This is what I currently have to filter for a "reason"(yellow circle), but I cannot seem to figure out how to take the sum of these filtered values to use for a chart (red circle). I have tried to Coalesce, but I am either doing it wrong or it will not work for a Named Query.
Any insight into this would be greatly appreciated for I am new to scripting.
Even running this code, I believe I am still running into the same problem with SUM(). If I understand it correctly, If you try to obtain the sum of a column that has a null value, the answer will always be null. This is the issue I am running into, but i cannot find a way to nix the null out of the SUM() equation so I can obtain the sum of the remaining numbers.
When I try to run the script I only get null in return, but if I take the SUM() expression out then I get my filtered list when I run the script. What am I missing?
Show your actual SQL. Keep in mind that the output column list of a query that includes grouping typically must only consist of aggregate functions, except for the grouping columns/keys themselves.
I tried an iteration of the aforementioned code. It seems to be doing what I want currently, but I may have to get some advice when I try to filter by dates to narrow the list. I do appreciate all of the feedback thus far.
Ok, so I have gotten previous kinks out of the process I was trying to execute before, but I have run into another problem. I have been able to filter dates and add the column, but now I cannot figure out how to Filter the addition where it only adds rows with certain reason codes. When I execute the code, it gives me the total for all rows between the filtered dates. Here is my code:
I am trying to figure out how to only include the rows that say 'Electrical' and have them be calculated independently from the rest of the rows between the filtered dates.

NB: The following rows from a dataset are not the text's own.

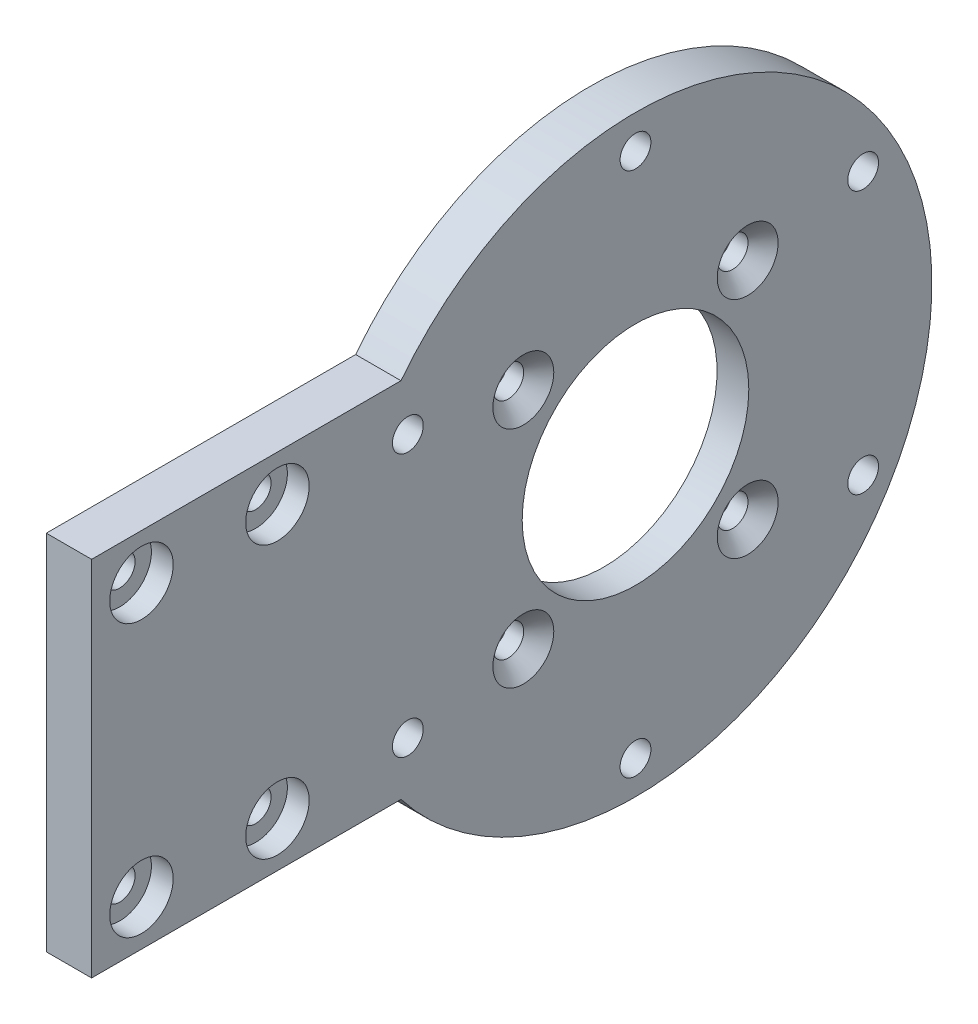
ISO-10303-21;
HEADER;
FILE_DESCRIPTION(('STEP AP214'),'2;1');
FILE_NAME('part.step','',(''),(''),'','','');
FILE_SCHEMA(('AUTOMOTIVE_DESIGN { 1 0 10303 214 1 1 1 1 }'));
ENDSEC;
DATA;
#1=APPLICATION_CONTEXT('core data for automotive mechanical design processes');
#2=APPLICATION_PROTOCOL_DEFINITION('international standard','automotive_design',2000,#1);
#3=PRODUCT_CONTEXT('',#1,'mechanical');
#4=PRODUCT('Part','Part','',(#3));
#5=PRODUCT_RELATED_PRODUCT_CATEGORY('part','',(#4));
#6=PRODUCT_DEFINITION_FORMATION('','',#4);
#7=PRODUCT_DEFINITION_CONTEXT('part definition',#1,'design');
#8=PRODUCT_DEFINITION('design','',#6,#7);
#9=PRODUCT_DEFINITION_SHAPE('','',#8);
#10=(LENGTH_UNIT() NAMED_UNIT(*) SI_UNIT(.MILLI.,.METRE.));
#11=(NAMED_UNIT(*) PLANE_ANGLE_UNIT() SI_UNIT($,.RADIAN.));
#12=(NAMED_UNIT(*) SI_UNIT($,.STERADIAN.) SOLID_ANGLE_UNIT());
#13=UNCERTAINTY_MEASURE_WITH_UNIT(LENGTH_MEASURE(1.E-05),#10,'distance_accuracy_value','');
#14=(GEOMETRIC_REPRESENTATION_CONTEXT(3) GLOBAL_UNCERTAINTY_ASSIGNED_CONTEXT((#13)) GLOBAL_UNIT_ASSIGNED_CONTEXT((#10,
#11,#12)) REPRESENTATION_CONTEXT('',''));
#15=CARTESIAN_POINT('',(0.,0.,0.));
#16=DIRECTION('',(0.,0.,1.));
#17=DIRECTION('',(1.,0.,0.));
#18=AXIS2_PLACEMENT_3D('',#15,#16,#17);
#19=CARTESIAN_POINT('',(2.5,0.,0.));
#20=DIRECTION('',(-1.,0.,0.));
#21=DIRECTION('',(0.,0.,1.));
#22=AXIS2_PLACEMENT_3D('',#19,#20,#21);
#23=CYLINDRICAL_SURFACE('',#22,12.5);
#24=CARTESIAN_POINT('',(2.5,0.,0.));
#25=DIRECTION('',(1.,0.,0.));
#26=DIRECTION('',(0.,0.,-1.));
#27=AXIS2_PLACEMENT_3D('',#24,#25,#26);
#28=CIRCLE('',#27,12.5);
#29=CARTESIAN_POINT('',(2.5,0.,-12.5));
#30=VERTEX_POINT('',#29);
#31=EDGE_CURVE('E104',#30,#30,#28,.T.);
#32=ORIENTED_EDGE('',*,*,#31,.T.);
#33=EDGE_LOOP('',(#32));
#34=FACE_BOUND('',#33,.T.);
#35=CARTESIAN_POINT('',(-1.,0.,0.));
#36=DIRECTION('',(-1.,0.,0.));
#37=DIRECTION('',(0.,0.,1.));
#38=AXIS2_PLACEMENT_3D('',#35,#36,#37);
#39=CIRCLE('',#38,12.5);
#40=CARTESIAN_POINT('',(-1.,0.,12.5));
#41=VERTEX_POINT('',#40);
#42=EDGE_CURVE('E110',#41,#41,#39,.T.);
#43=ORIENTED_EDGE('',*,*,#42,.T.);
#44=EDGE_LOOP('',(#43));
#45=FACE_BOUND('',#44,.T.);
#46=ADVANCED_FACE('F33',(#34,#45),#23,.F.);
#47=CARTESIAN_POINT('',(2.5,0.,0.));
#48=DIRECTION('',(1.,0.,0.));
#49=DIRECTION('',(0.,0.,-1.));
#50=AXIS2_PLACEMENT_3D('',#47,#48,#49);
#51=PLANE('',#50);
#52=CARTESIAN_POINT('',(2.5,15.,39.5));
#53=DIRECTION('',(1.,0.,0.));
#54=DIRECTION('',(0.,0.,-1.));
#55=AXIS2_PLACEMENT_3D('',#52,#53,#54);
#56=CIRCLE('',#55,3.5);
#57=CARTESIAN_POINT('',(2.5,15.,36.));
#58=VERTEX_POINT('',#57);
#59=EDGE_CURVE('E609',#58,#58,#56,.T.);
#60=ORIENTED_EDGE('',*,*,#59,.F.);
#61=EDGE_LOOP('',(#60));
#62=FACE_BOUND('',#61,.T.);
#63=CARTESIAN_POINT('',(2.5,-15.,54.5));
#64=DIRECTION('',(1.,0.,0.));
#65=DIRECTION('',(0.,0.,-1.));
#66=AXIS2_PLACEMENT_3D('',#63,#64,#65);
#67=CIRCLE('',#66,3.5);
#68=CARTESIAN_POINT('',(2.5,-15.,51.));
#69=VERTEX_POINT('',#68);
#70=EDGE_CURVE('E597',#69,#69,#67,.T.);
#71=ORIENTED_EDGE('',*,*,#70,.F.);
#72=EDGE_LOOP('',(#71));
#73=FACE_BOUND('',#72,.T.);
#74=CARTESIAN_POINT('',(2.5,15.,54.5));
#75=DIRECTION('',(1.,0.,0.));
#76=DIRECTION('',(0.,0.,-1.));
#77=AXIS2_PLACEMENT_3D('',#74,#75,#76);
#78=CIRCLE('',#77,3.5);
#79=CARTESIAN_POINT('',(2.5,15.,51.));
#80=VERTEX_POINT('',#79);
#81=EDGE_CURVE('E585',#80,#80,#78,.T.);
#82=ORIENTED_EDGE('',*,*,#81,.F.);
#83=EDGE_LOOP('',(#82));
#84=FACE_BOUND('',#83,.T.);
#85=CARTESIAN_POINT('',(2.5,-15.,39.5));
#86=DIRECTION('',(1.,0.,0.));
#87=DIRECTION('',(0.,0.,-1.));
#88=AXIS2_PLACEMENT_3D('',#85,#86,#87);
#89=CIRCLE('',#88,3.5);
#90=CARTESIAN_POINT('',(2.5,-15.,36.));
#91=VERTEX_POINT('',#90);
#92=EDGE_CURVE('E573',#91,#91,#89,.T.);
#93=ORIENTED_EDGE('',*,*,#92,.F.);
#94=EDGE_LOOP('',(#93));
#95=FACE_BOUND('',#94,.T.);
#96=CARTESIAN_POINT('',(2.5,29.,0.));
#97=DIRECTION('',(1.,0.,0.));
#98=DIRECTION('',(0.,0.,-1.));
#99=AXIS2_PLACEMENT_3D('',#96,#97,#98);
#100=CIRCLE('',#99,1.69999999999999);
#101=CARTESIAN_POINT('',(2.5,29.,-1.69999999999999));
#102=VERTEX_POINT('',#101);
#103=EDGE_CURVE('E561',#102,#102,#100,.T.);
#104=ORIENTED_EDGE('',*,*,#103,.F.);
#105=EDGE_LOOP('',(#104));
#106=FACE_BOUND('',#105,.T.);
#107=CARTESIAN_POINT('',(2.5,14.5,-25.1147367097487));
#108=DIRECTION('',(1.,0.,0.));
#109=DIRECTION('',(0.,0.,-1.));
#110=AXIS2_PLACEMENT_3D('',#107,#108,#109);
#111=CIRCLE('',#110,1.69999999999999);
#112=CARTESIAN_POINT('',(2.5,14.5,-26.8147367097487));
#113=VERTEX_POINT('',#112);
#114=EDGE_CURVE('E555',#113,#113,#111,.T.);
#115=ORIENTED_EDGE('',*,*,#114,.F.);
#116=EDGE_LOOP('',(#115));
#117=FACE_BOUND('',#116,.T.);
#118=CARTESIAN_POINT('',(2.5,-14.5,-25.1147367097487));
#119=DIRECTION('',(1.,0.,0.));
#120=DIRECTION('',(0.,0.,-1.));
#121=AXIS2_PLACEMENT_3D('',#118,#119,#120);
#122=CIRCLE('',#121,1.69999999999999);
#123=CARTESIAN_POINT('',(2.5,-14.5,-26.8147367097487));
#124=VERTEX_POINT('',#123);
#125=EDGE_CURVE('E549',#124,#124,#122,.T.);
#126=ORIENTED_EDGE('',*,*,#125,.F.);
#127=EDGE_LOOP('',(#126));
#128=FACE_BOUND('',#127,.T.);
#129=CARTESIAN_POINT('',(2.5,-29.,0.));
#130=DIRECTION('',(1.,0.,0.));
#131=DIRECTION('',(0.,0.,-1.));
#132=AXIS2_PLACEMENT_3D('',#129,#130,#131);
#133=CIRCLE('',#132,1.69999999999999);
#134=CARTESIAN_POINT('',(2.5,-29.,-1.69999999999999));
#135=VERTEX_POINT('',#134);
#136=EDGE_CURVE('E543',#135,#135,#133,.T.);
#137=ORIENTED_EDGE('',*,*,#136,.F.);
#138=EDGE_LOOP('',(#137));
#139=FACE_BOUND('',#138,.T.);
#140=CARTESIAN_POINT('',(2.5,-14.5,25.1147367097487));
#141=DIRECTION('',(1.,0.,0.));
#142=DIRECTION('',(0.,0.,-1.));
#143=AXIS2_PLACEMENT_3D('',#140,#141,#142);
#144=CIRCLE('',#143,1.69999999999999);
#145=CARTESIAN_POINT('',(2.5,-14.5,23.4147367097487));
#146=VERTEX_POINT('',#145);
#147=EDGE_CURVE('E537',#146,#146,#144,.T.);
#148=ORIENTED_EDGE('',*,*,#147,.F.);
#149=EDGE_LOOP('',(#148));
#150=FACE_BOUND('',#149,.T.);
#151=CARTESIAN_POINT('',(2.5,14.5,25.1147367097487));
#152=DIRECTION('',(1.,0.,0.));
#153=DIRECTION('',(0.,0.,-1.));
#154=AXIS2_PLACEMENT_3D('',#151,#152,#153);
#155=CIRCLE('',#154,1.69999999999999);
#156=CARTESIAN_POINT('',(2.5,14.5,23.4147367097487));
#157=VERTEX_POINT('',#156);
#158=EDGE_CURVE('E531',#157,#157,#155,.T.);
#159=ORIENTED_EDGE('',*,*,#158,.F.);
#160=EDGE_LOOP('',(#159));
#161=FACE_BOUND('',#160,.T.);
#162=CARTESIAN_POINT('',(2.5,12.3743686707646,-12.3743686707646));
#163=DIRECTION('',(1.,0.,0.));
#164=DIRECTION('',(0.,0.,-1.));
#165=AXIS2_PLACEMENT_3D('',#162,#163,#164);
#166=CIRCLE('',#165,3.36);
#167=CARTESIAN_POINT('',(2.5,12.3743686707646,-15.7343686707646));
#168=VERTEX_POINT('',#167);
#169=EDGE_CURVE('E522',#168,#168,#166,.T.);
#170=ORIENTED_EDGE('',*,*,#169,.F.);
#171=EDGE_LOOP('',(#170));
#172=FACE_BOUND('',#171,.T.);
#173=CARTESIAN_POINT('',(2.5,-12.3743686707646,12.3743686707646));
#174=DIRECTION('',(1.,0.,0.));
#175=DIRECTION('',(0.,0.,-1.));
#176=AXIS2_PLACEMENT_3D('',#173,#174,#175);
#177=CIRCLE('',#176,3.36);
#178=CARTESIAN_POINT('',(2.5,-12.3743686707646,9.01436867076458));
#179=VERTEX_POINT('',#178);
#180=EDGE_CURVE('E132',#179,#179,#177,.T.);
#181=ORIENTED_EDGE('',*,*,#180,.F.);
#182=EDGE_LOOP('',(#181));
#183=FACE_BOUND('',#182,.T.);
#184=CARTESIAN_POINT('',(2.5,12.3743686707646,12.3743686707646));
#185=DIRECTION('',(1.,0.,0.));
#186=DIRECTION('',(0.,0.,-1.));
#187=AXIS2_PLACEMENT_3D('',#184,#185,#186);
#188=CIRCLE('',#187,3.36);
#189=CARTESIAN_POINT('',(2.5,12.3743686707646,9.01436867076458));
#190=VERTEX_POINT('',#189);
#191=EDGE_CURVE('E125',#190,#190,#188,.T.);
#192=ORIENTED_EDGE('',*,*,#191,.F.);
#193=EDGE_LOOP('',(#192));
#194=FACE_BOUND('',#193,.T.);
#195=CARTESIAN_POINT('',(2.5,-12.3743686707646,-12.3743686707646));
#196=DIRECTION('',(1.,0.,0.));
#197=DIRECTION('',(0.,0.,-1.));
#198=AXIS2_PLACEMENT_3D('',#195,#196,#197);
#199=CIRCLE('',#198,3.36);
#200=CARTESIAN_POINT('',(2.5,-12.3743686707646,-15.7343686707646));
#201=VERTEX_POINT('',#200);
#202=EDGE_CURVE('E121',#201,#201,#199,.T.);
#203=ORIENTED_EDGE('',*,*,#202,.F.);
#204=EDGE_LOOP('',(#203));
#205=FACE_BOUND('',#204,.T.);
#206=CARTESIAN_POINT('',(2.5,0.,0.));
#207=DIRECTION('',(1.,0.,0.));
#208=DIRECTION('',(0.,0.,-1.));
#209=AXIS2_PLACEMENT_3D('',#206,#207,#208);
#210=CIRCLE('',#209,32.7);
#211=CARTESIAN_POINT('',(2.5,-20.,25.8706397292375));
#212=VERTEX_POINT('',#211);
#213=CARTESIAN_POINT('',(2.5,20.,25.8706397292375));
#214=VERTEX_POINT('',#213);
#215=EDGE_CURVE('E88',#212,#214,#210,.T.);
#216=ORIENTED_EDGE('',*,*,#215,.T.);
#217=DIRECTION('',(0.,0.,1.));
#218=VECTOR('',#217,1.);
#219=CARTESIAN_POINT('',(2.5,20.,25.8706397292375));
#220=LINE('',#219,#218);
#221=CARTESIAN_POINT('',(2.5,20.,60.));
#222=VERTEX_POINT('',#221);
#223=EDGE_CURVE('E82',#214,#222,#220,.T.);
#224=ORIENTED_EDGE('',*,*,#223,.T.);
#225=DIRECTION('',(0.,-1.,0.));
#226=VECTOR('',#225,1.);
#227=CARTESIAN_POINT('',(2.5,20.,60.));
#228=LINE('',#227,#226);
#229=CARTESIAN_POINT('',(2.5,-20.,60.));
#230=VERTEX_POINT('',#229);
#231=EDGE_CURVE('E86',#222,#230,#228,.T.);
#232=ORIENTED_EDGE('',*,*,#231,.T.);
#233=DIRECTION('',(0.,0.,-1.));
#234=VECTOR('',#233,1.);
#235=CARTESIAN_POINT('',(2.5,-20.,60.));
#236=LINE('',#235,#234);
#237=EDGE_CURVE('E52',#230,#212,#236,.T.);
#238=ORIENTED_EDGE('',*,*,#237,.T.);
#239=EDGE_LOOP('',(#216,#224,#232,#238));
#240=FACE_BOUND('',#239,.T.);
#241=ORIENTED_EDGE('',*,*,#31,.F.);
#242=EDGE_LOOP('',(#241));
#243=FACE_BOUND('',#242,.T.);
#244=ADVANCED_FACE('F83',(#62,#73,#84,#95,#106,#117,#128,#139,#150,#161,#172,#183,#194,#205,
#240,#243),#51,.T.);
#245=CARTESIAN_POINT('',(-2.5,0.,0.));
#246=DIRECTION('',(1.,0.,0.));
#247=DIRECTION('',(0.,0.,-1.));
#248=AXIS2_PLACEMENT_3D('',#245,#246,#247);
#249=PLANE('',#248);
#250=CARTESIAN_POINT('',(-2.5,15.,39.5));
#251=DIRECTION('',(1.,0.,0.));
#252=DIRECTION('',(0.,0.,-1.));
#253=AXIS2_PLACEMENT_3D('',#250,#251,#252);
#254=CIRCLE('',#253,1.7);
#255=CARTESIAN_POINT('',(-2.5,15.,37.8));
#256=VERTEX_POINT('',#255);
#257=EDGE_CURVE('E600',#256,#256,#254,.T.);
#258=ORIENTED_EDGE('',*,*,#257,.T.);
#259=EDGE_LOOP('',(#258));
#260=FACE_BOUND('',#259,.T.);
#261=CARTESIAN_POINT('',(-2.5,-15.,54.5));
#262=DIRECTION('',(1.,0.,0.));
#263=DIRECTION('',(0.,0.,-1.));
#264=AXIS2_PLACEMENT_3D('',#261,#262,#263);
#265=CIRCLE('',#264,1.7);
#266=CARTESIAN_POINT('',(-2.5,-15.,52.8));
#267=VERTEX_POINT('',#266);
#268=EDGE_CURVE('E588',#267,#267,#265,.T.);
#269=ORIENTED_EDGE('',*,*,#268,.T.);
#270=EDGE_LOOP('',(#269));
#271=FACE_BOUND('',#270,.T.);
#272=CARTESIAN_POINT('',(-2.5,15.,54.5));
#273=DIRECTION('',(1.,0.,0.));
#274=DIRECTION('',(0.,0.,-1.));
#275=AXIS2_PLACEMENT_3D('',#272,#273,#274);
#276=CIRCLE('',#275,1.7);
#277=CARTESIAN_POINT('',(-2.5,15.,52.8));
#278=VERTEX_POINT('',#277);
#279=EDGE_CURVE('E576',#278,#278,#276,.T.);
#280=ORIENTED_EDGE('',*,*,#279,.T.);
#281=EDGE_LOOP('',(#280));
#282=FACE_BOUND('',#281,.T.);
#283=CARTESIAN_POINT('',(-2.5,-15.,39.5));
#284=DIRECTION('',(1.,0.,0.));
#285=DIRECTION('',(0.,0.,-1.));
#286=AXIS2_PLACEMENT_3D('',#283,#284,#285);
#287=CIRCLE('',#286,1.7);
#288=CARTESIAN_POINT('',(-2.5,-15.,37.8));
#289=VERTEX_POINT('',#288);
#290=EDGE_CURVE('E564',#289,#289,#287,.T.);
#291=ORIENTED_EDGE('',*,*,#290,.T.);
#292=EDGE_LOOP('',(#291));
#293=FACE_BOUND('',#292,.T.);
#294=CARTESIAN_POINT('',(-2.5,29.,0.));
#295=DIRECTION('',(1.,0.,0.));
#296=DIRECTION('',(0.,0.,-1.));
#297=AXIS2_PLACEMENT_3D('',#294,#295,#296);
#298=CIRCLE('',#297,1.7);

I know the data type for the "Reason" column (column with Electrical, Mechanical, Raw Material, and Operational) is an 'nvarchar,' so I am not completely sure if my 'WHERE' clause is filtering properly.
Sorry about that, I will keep it in mind for the future. I tried it but now I am getting an error.
SELECT Reason, SUM([DTMIN])
FROM vwIG_DownTimeDetailsByPID
WHERE Reason = 'Electrical'
AND (
([Trans Date] BETWEEN '2024-01-02'AND '2024-01-09')
OR ([Trans Date] BETWEEN '2024-01-02' AND '2024-01-09')
OR ([Trans Date] <= '2024-01-02' AND [Trans Date] >= '2024-01-09')
)
Error:
com.microsoft.sqlserver.jdbc.SQLServerException: Column 'vwIG_DownTimeDetailsByPID.REASON' is invalid in the select list because it is not contained in either an aggregate function or the GROUP BY clause.
There was an example of the GROUP BY in my original post.
SELECT Reason, SUM([DTMIN])
FROM vwIG_DownTimeDetailsByPID
WHERE Reason = 'Electrical'
AND (
([Trans Date] BETWEEN '2024-01-02'AND '2024-01-09')
OR ([Trans Date] BETWEEN '2024-01-02' AND '2024-01-09')
OR ([Trans Date] <= '2024-01-02' AND [Trans Date] >= '2024-01-09')
)
GROUP BY Reason
When I found this part of the code it was ranging between two separate columns instead of one like I am. I just copy pasted it and changed the params to see if it would work not realizing that there would be a duplicate. I'm not sure why but as soon as I got rid of the duplicate, the code was happy.
Ew. Or not. Between includes the endpoint value. Half-open intervals allow for fractional time periods at an endpoint without specifying the trailing zeros to the full column precision. For example, this:
... WHERE t_stamp BETWEEN '2024-01-01T00:00:00' AND '2024-01-01T23:59:59'
will miss any data points that have non-zero milliseconds in the last second. Using this:
... WHERE t_stamp >= '2024-01-01' AND t_stamp < '2024-01-02'
will get every value with a timestamp on January 1st, no matter the precision of the t_stamp column. Note that the start is checked with greater-than-or-equals but the end is checked with less-than. (Half-open means one end of an interval includes equal.)
That Ignition's historian doesn't require half-open intervals for its queries is one of its most annoying flaws, fwiw. (It also means that its API is stuck on milliseconds, as any attempt to switch to something more precise will break all current users.)